§ **Your instructions**
Every line below is to be copied exactly, with the pictures left out.

====

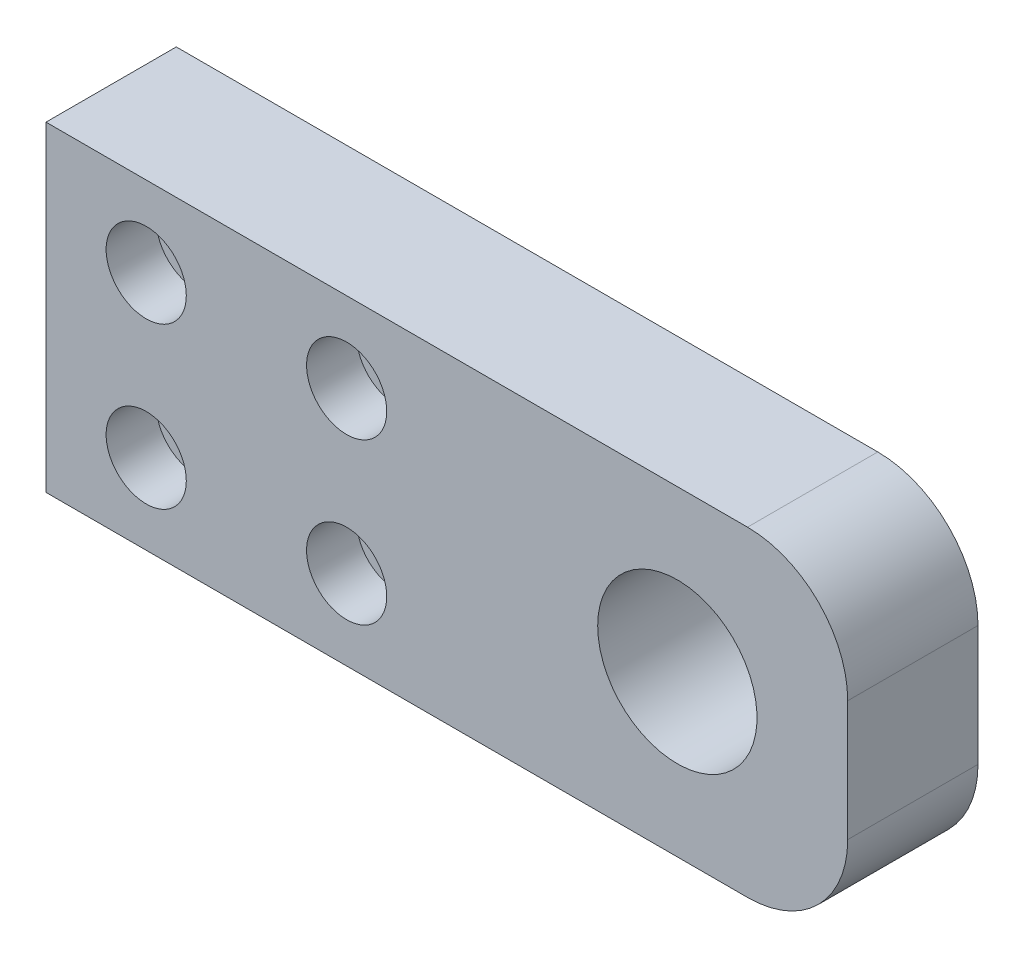
ISO-10303-21;
HEADER;
FILE_DESCRIPTION(('STEP AP214'),'2;1');
FILE_NAME('part.step','',(''),(''),'','','');
FILE_SCHEMA(('AUTOMOTIVE_DESIGN { 1 0 10303 214 1 1 1 1 }'));
ENDSEC;
DATA;
#1=APPLICATION_CONTEXT('core data for automotive mechanical design processes');
#2=APPLICATION_PROTOCOL_DEFINITION('international standard','automotive_design',2000,#1);
#3=PRODUCT_CONTEXT('',#1,'mechanical');
#4=PRODUCT('Part','Part','',(#3));
#5=PRODUCT_RELATED_PRODUCT_CATEGORY('part','',(#4));
#6=PRODUCT_DEFINITION_FORMATION('','',#4);
#7=PRODUCT_DEFINITION_CONTEXT('part definition',#1,'design');
#8=PRODUCT_DEFINITION('design','',#6,#7);
#9=PRODUCT_DEFINITION_SHAPE('','',#8);
#10=(LENGTH_UNIT() NAMED_UNIT(*) SI_UNIT(.MILLI.,.METRE.));
#11=(NAMED_UNIT(*) PLANE_ANGLE_UNIT() SI_UNIT($,.RADIAN.));
#12=(NAMED_UNIT(*) SI_UNIT($,.STERADIAN.) SOLID_ANGLE_UNIT());
#13=UNCERTAINTY_MEASURE_WITH_UNIT(LENGTH_MEASURE(1.E-05),#10,'distance_accuracy_value','');
#14=(GEOMETRIC_REPRESENTATION_CONTEXT(3) GLOBAL_UNCERTAINTY_ASSIGNED_CONTEXT((#13)) GLOBAL_UNIT_ASSIGNED_CONTEXT((#10,
#11,#12)) REPRESENTATION_CONTEXT('',''));
#15=CARTESIAN_POINT('',(0.,0.,0.));
#16=DIRECTION('',(0.,0.,1.));
#17=DIRECTION('',(1.,0.,0.));
#18=AXIS2_PLACEMENT_3D('',#15,#16,#17);
#19=CARTESIAN_POINT('',(6.83481049534862E-13,-43.9999999999982,-0.000999999999999265));
#20=DIRECTION('',(0.,0.,1.));
#21=DIRECTION('',(1.,0.,0.));
#22=AXIS2_PLACEMENT_3D('',#19,#20,#21);
#23=CYLINDRICAL_SURFACE('',#22,2.05);
#24=CARTESIAN_POINT('',(6.83481049534862E-13,-43.9999999999982,0.));
#25=DIRECTION('',(0.,0.,-1.));
#26=DIRECTION('',(-1.,0.,0.));
#27=AXIS2_PLACEMENT_3D('',#24,#25,#26);
#28=CIRCLE('',#27,2.05);
#29=CARTESIAN_POINT('',(-2.04999999999932,-43.9999999999982,0.));
#30=VERTEX_POINT('',#29);
#31=EDGE_CURVE('E189',#30,#30,#28,.F.);
#32=ORIENTED_EDGE('',*,*,#31,.F.);
#33=EDGE_LOOP('',(#32));
#34=FACE_BOUND('',#33,.T.);
#35=CARTESIAN_POINT('',(6.83481049534862E-13,-43.9999999999982,8.));
#36=DIRECTION('',(0.,0.,1.));
#37=DIRECTION('',(1.,0.,0.));
#38=AXIS2_PLACEMENT_3D('',#35,#36,#37);
#39=CIRCLE('',#38,2.05);
#40=CARTESIAN_POINT('',(2.05000000000069,-43.9999999999982,8.));
#41=VERTEX_POINT('',#40);
#42=EDGE_CURVE('E184',#41,#41,#39,.F.);
#43=ORIENTED_EDGE('',*,*,#42,.F.);
#44=EDGE_LOOP('',(#43));
#45=FACE_BOUND('',#44,.T.);
#46=ADVANCED_FACE('F39',(#34,#45),#23,.F.);
#47=CARTESIAN_POINT('',(20.0000000000007,-59.9999999999982,-0.000999999999999265));
#48=DIRECTION('',(0.,0.,1.));
#49=DIRECTION('',(1.,0.,0.));
#50=AXIS2_PLACEMENT_3D('',#47,#48,#49);
#51=CYLINDRICAL_SURFACE('',#50,2.05);
#52=CARTESIAN_POINT('',(20.0000000000007,-59.9999999999982,0.));
#53=DIRECTION('',(0.,0.,-1.));
#54=DIRECTION('',(-1.,0.,0.));
#55=AXIS2_PLACEMENT_3D('',#52,#53,#54);
#56=CIRCLE('',#55,2.05);
#57=CARTESIAN_POINT('',(17.9500000000007,-59.9999999999982,0.));
#58=VERTEX_POINT('',#57);
#59=EDGE_CURVE('E179',#58,#58,#56,.F.);
#60=ORIENTED_EDGE('',*,*,#59,.F.);
#61=EDGE_LOOP('',(#60));
#62=FACE_BOUND('',#61,.T.);
#63=CARTESIAN_POINT('',(20.0000000000007,-59.9999999999982,8.));
#64=DIRECTION('',(0.,0.,1.));
#65=DIRECTION('',(1.,0.,0.));
#66=AXIS2_PLACEMENT_3D('',#63,#64,#65);
#67=CIRCLE('',#66,2.05);
#68=CARTESIAN_POINT('',(22.0500000000007,-59.9999999999982,8.));
#69=VERTEX_POINT('',#68);
#70=EDGE_CURVE('E250',#69,#69,#67,.F.);
#71=ORIENTED_EDGE('',*,*,#70,.F.);
#72=EDGE_LOOP('',(#71));
#73=FACE_BOUND('',#72,.T.);
#74=ADVANCED_FACE('F335',(#62,#73),#51,.F.);
#75=CARTESIAN_POINT('',(6.83481049534862E-13,-59.9999999999982,-0.000999999999999265));
#76=DIRECTION('',(0.,0.,1.));
#77=DIRECTION('',(1.,0.,0.));
#78=AXIS2_PLACEMENT_3D('',#75,#76,#77);
#79=CYLINDRICAL_SURFACE('',#78,2.05);
#80=CARTESIAN_POINT('',(6.83481049534862E-13,-59.9999999999982,0.));
#81=DIRECTION('',(0.,0.,-1.));
#82=DIRECTION('',(-1.,0.,0.));
#83=AXIS2_PLACEMENT_3D('',#80,#81,#82);
#84=CIRCLE('',#83,2.05);
#85=CARTESIAN_POINT('',(-2.04999999999932,-59.9999999999982,0.));
#86=VERTEX_POINT('',#85);
#87=EDGE_CURVE('E183',#86,#86,#84,.F.);
#88=ORIENTED_EDGE('',*,*,#87,.F.);
#89=EDGE_LOOP('',(#88));
#90=FACE_BOUND('',#89,.T.);
#91=CARTESIAN_POINT('',(6.83481049534862E-13,-59.9999999999982,8.));
#92=DIRECTION('',(0.,0.,1.));
#93=DIRECTION('',(1.,0.,0.));
#94=AXIS2_PLACEMENT_3D('',#91,#92,#93);
#95=CIRCLE('',#94,2.05);
#96=CARTESIAN_POINT('',(2.05000000000069,-59.9999999999982,8.));
#97=VERTEX_POINT('',#96);
#98=EDGE_CURVE('E246',#97,#97,#95,.F.);
#99=ORIENTED_EDGE('',*,*,#98,.F.);
#100=EDGE_LOOP('',(#99));
#101=FACE_BOUND('',#100,.T.);
#102=ADVANCED_FACE('F340',(#90,#101),#79,.F.);
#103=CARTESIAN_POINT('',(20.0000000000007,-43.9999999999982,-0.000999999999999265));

====

§ **Finished exercise**
ISO-10303-21;
HEADER;
FILE_DESCRIPTION(('STEP AP214'),'2;1');
FILE_NAME('part.step','',(''),(''),'','','');
FILE_SCHEMA(('AUTOMOTIVE_DESIGN { 1 0 10303 214 1 1 1 1 }'));
ENDSEC;
DATA;
#1=APPLICATION_CONTEXT('core data for automotive mechanical design processes');
#2=APPLICATION_PROTOCOL_DEFINITION('international standard','automotive_design',2000,#1);
#3=PRODUCT_CONTEXT('',#1,'mechanical');
#4=PRODUCT('Part','Part','',(#3));
#5=PRODUCT_RELATED_PRODUCT_CATEGORY('part','',(#4));
#6=PRODUCT_DEFINITION_FORMATION('','',#4);
#7=PRODUCT_DEFINITION_CONTEXT('part definition',#1,'design');
#8=PRODUCT_DEFINITION('design','',#6,#7);
#9=PRODUCT_DEFINITION_SHAPE('','',#8);
#10=(LENGTH_UNIT() NAMED_UNIT(*) SI_UNIT(.MILLI.,.METRE.));
#11=(NAMED_UNIT(*) PLANE_ANGLE_UNIT() SI_UNIT($,.RADIAN.));
#12=(NAMED_UNIT(*) SI_UNIT($,.STERADIAN.) SOLID_ANGLE_UNIT());
#13=UNCERTAINTY_MEASURE_WITH_UNIT(LENGTH_MEASURE(1.E-05),#10,'distance_accuracy_value','');
#14=(GEOMETRIC_REPRESENTATION_CONTEXT(3) GLOBAL_UNCERTAINTY_ASSIGNED_CONTEXT((#13)) GLOBAL_UNIT_ASSIGNED_CONTEXT((#10,
#11,#12)) REPRESENTATION_CONTEXT('',''));
#15=CARTESIAN_POINT('',(0.,0.,0.));
#16=DIRECTION('',(0.,0.,1.));
#17=DIRECTION('',(1.,0.,0.));
#18=AXIS2_PLACEMENT_3D('',#15,#16,#17);
#19=CARTESIAN_POINT('',(6.83481049534862E-13,-43.9999999999982,-0.000999999999999265));
#20=DIRECTION('',(0.,0.,1.));
#21=DIRECTION('',(1.,0.,0.));
#22=AXIS2_PLACEMENT_3D('',#19,#20,#21);
#23=CYLINDRICAL_SURFACE('',#22,2.05);
#24=CARTESIAN_POINT('',(6.83481049534862E-13,-43.9999999999982,0.));
#25=DIRECTION('',(0.,0.,-1.));
#26=DIRECTION('',(-1.,0.,0.));
#27=AXIS2_PLACEMENT_3D('',#24,#25,#26);
#28=CIRCLE('',#27,2.05);
#29=CARTESIAN_POINT('',(-2.04999999999932,-43.9999999999982,0.));
#30=VERTEX_POINT('',#29);
#31=EDGE_CURVE('E189',#30,#30,#28,.F.);
#32=ORIENTED_EDGE('',*,*,#31,.F.);
#33=EDGE_LOOP('',(#32));
#34=FACE_BOUND('',#33,.T.);
#35=CARTESIAN_POINT('',(6.83481049534862E-13,-43.9999999999982,8.));
#36=DIRECTION('',(0.,0.,1.));
#37=DIRECTION('',(1.,0.,0.));
#38=AXIS2_PLACEMENT_3D('',#35,#36,#37);
#39=CIRCLE('',#38,2.05);
#40=CARTESIAN_POINT('',(2.05000000000069,-43.9999999999982,8.));
#41=VERTEX_POINT('',#40);
#42=EDGE_CURVE('E184',#41,#41,#39,.F.);
#43=ORIENTED_EDGE('',*,*,#42,.F.);
#44=EDGE_LOOP('',(#43));
#45=FACE_BOUND('',#44,.T.);
#46=ADVANCED_FACE('F39',(#34,#45),#23,.F.);
#47=CARTESIAN_POINT('',(20.0000000000007,-59.9999999999982,-0.000999999999999265));
#48=DIRECTION('',(0.,0.,1.));
#49=DIRECTION('',(1.,0.,0.));
#50=AXIS2_PLACEMENT_3D('',#47,#48,#49);
#51=CYLINDRICAL_SURFACE('',#50,2.05);
#52=CARTESIAN_POINT('',(20.0000000000007,-59.9999999999982,0.));
#53=DIRECTION('',(0.,0.,-1.));
#54=DIRECTION('',(-1.,0.,0.));
#55=AXIS2_PLACEMENT_3D('',#52,#53,#54);
#56=CIRCLE('',#55,2.05);
#57=CARTESIAN_POINT('',(17.9500000000007,-59.9999999999982,0.));
#58=VERTEX_POINT('',#57);
#59=EDGE_CURVE('E179',#58,#58,#56,.F.);
#60=ORIENTED_EDGE('',*,*,#59,.F.);
#61=EDGE_LOOP('',(#60));
#62=FACE_BOUND('',#61,.T.);
#63=CARTESIAN_POINT('',(20.0000000000007,-59.9999999999982,8.));
#64=DIRECTION('',(0.,0.,1.));
#65=DIRECTION('',(1.,0.,0.));
#66=AXIS2_PLACEMENT_3D('',#63,#64,#65);
#67=CIRCLE('',#66,2.05);
#68=CARTESIAN_POINT('',(22.0500000000007,-59.9999999999982,8.));
#69=VERTEX_POINT('',#68);
#70=EDGE_CURVE('E250',#69,#69,#67,.F.);
#71=ORIENTED_EDGE('',*,*,#70,.F.);
#72=EDGE_LOOP('',(#71));
#73=FACE_BOUND('',#72,.T.);
#74=ADVANCED_FACE('F335',(#62,#73),#51,.F.);
#75=CARTESIAN_POINT('',(6.83481049534862E-13,-59.9999999999982,-0.000999999999999265));
#76=DIRECTION('',(0.,0.,1.));
#77=DIRECTION('',(1.,0.,0.));
#78=AXIS2_PLACEMENT_3D('',#75,#76,#77);
#79=CYLINDRICAL_SURFACE('',#78,2.05);
#80=CARTESIAN_POINT('',(6.83481049534862E-13,-59.9999999999982,0.));
#81=DIRECTION('',(0.,0.,-1.));
#82=DIRECTION('',(-1.,0.,0.));
#83=AXIS2_PLACEMENT_3D('',#80,#81,#82);
#84=CIRCLE('',#83,2.05);
#85=CARTESIAN_POINT('',(-2.04999999999932,-59.9999999999982,0.));
#86=VERTEX_POINT('',#85);
#87=EDGE_CURVE('E183',#86,#86,#84,.F.);
#88=ORIENTED_EDGE('',*,*,#87,.F.);
#89=EDGE_LOOP('',(#88));
#90=FACE_BOUND('',#89,.T.);
#91=CARTESIAN_POINT('',(6.83481049534862E-13,-59.9999999999982,8.));
#92=DIRECTION('',(0.,0.,1.));
#93=DIRECTION('',(1.,0.,0.));
#94=AXIS2_PLACEMENT_3D('',#91,#92,#93);
#95=CIRCLE('',#94,2.05);
#96=CARTESIAN_POINT('',(2.05000000000069,-59.9999999999982,8.));
#97=VERTEX_POINT('',#96);
#98=EDGE_CURVE('E246',#97,#97,#95,.F.);
#99=ORIENTED_EDGE('',*,*,#98,.F.);
#100=EDGE_LOOP('',(#99));
#101=FACE_BOUND('',#100,.T.);
#102=ADVANCED_FACE('F340',(#90,#101),#79,.F.);
#103=CARTESIAN_POINT('',(20.0000000000007,-43.9999999999982,-0.000999999999999265));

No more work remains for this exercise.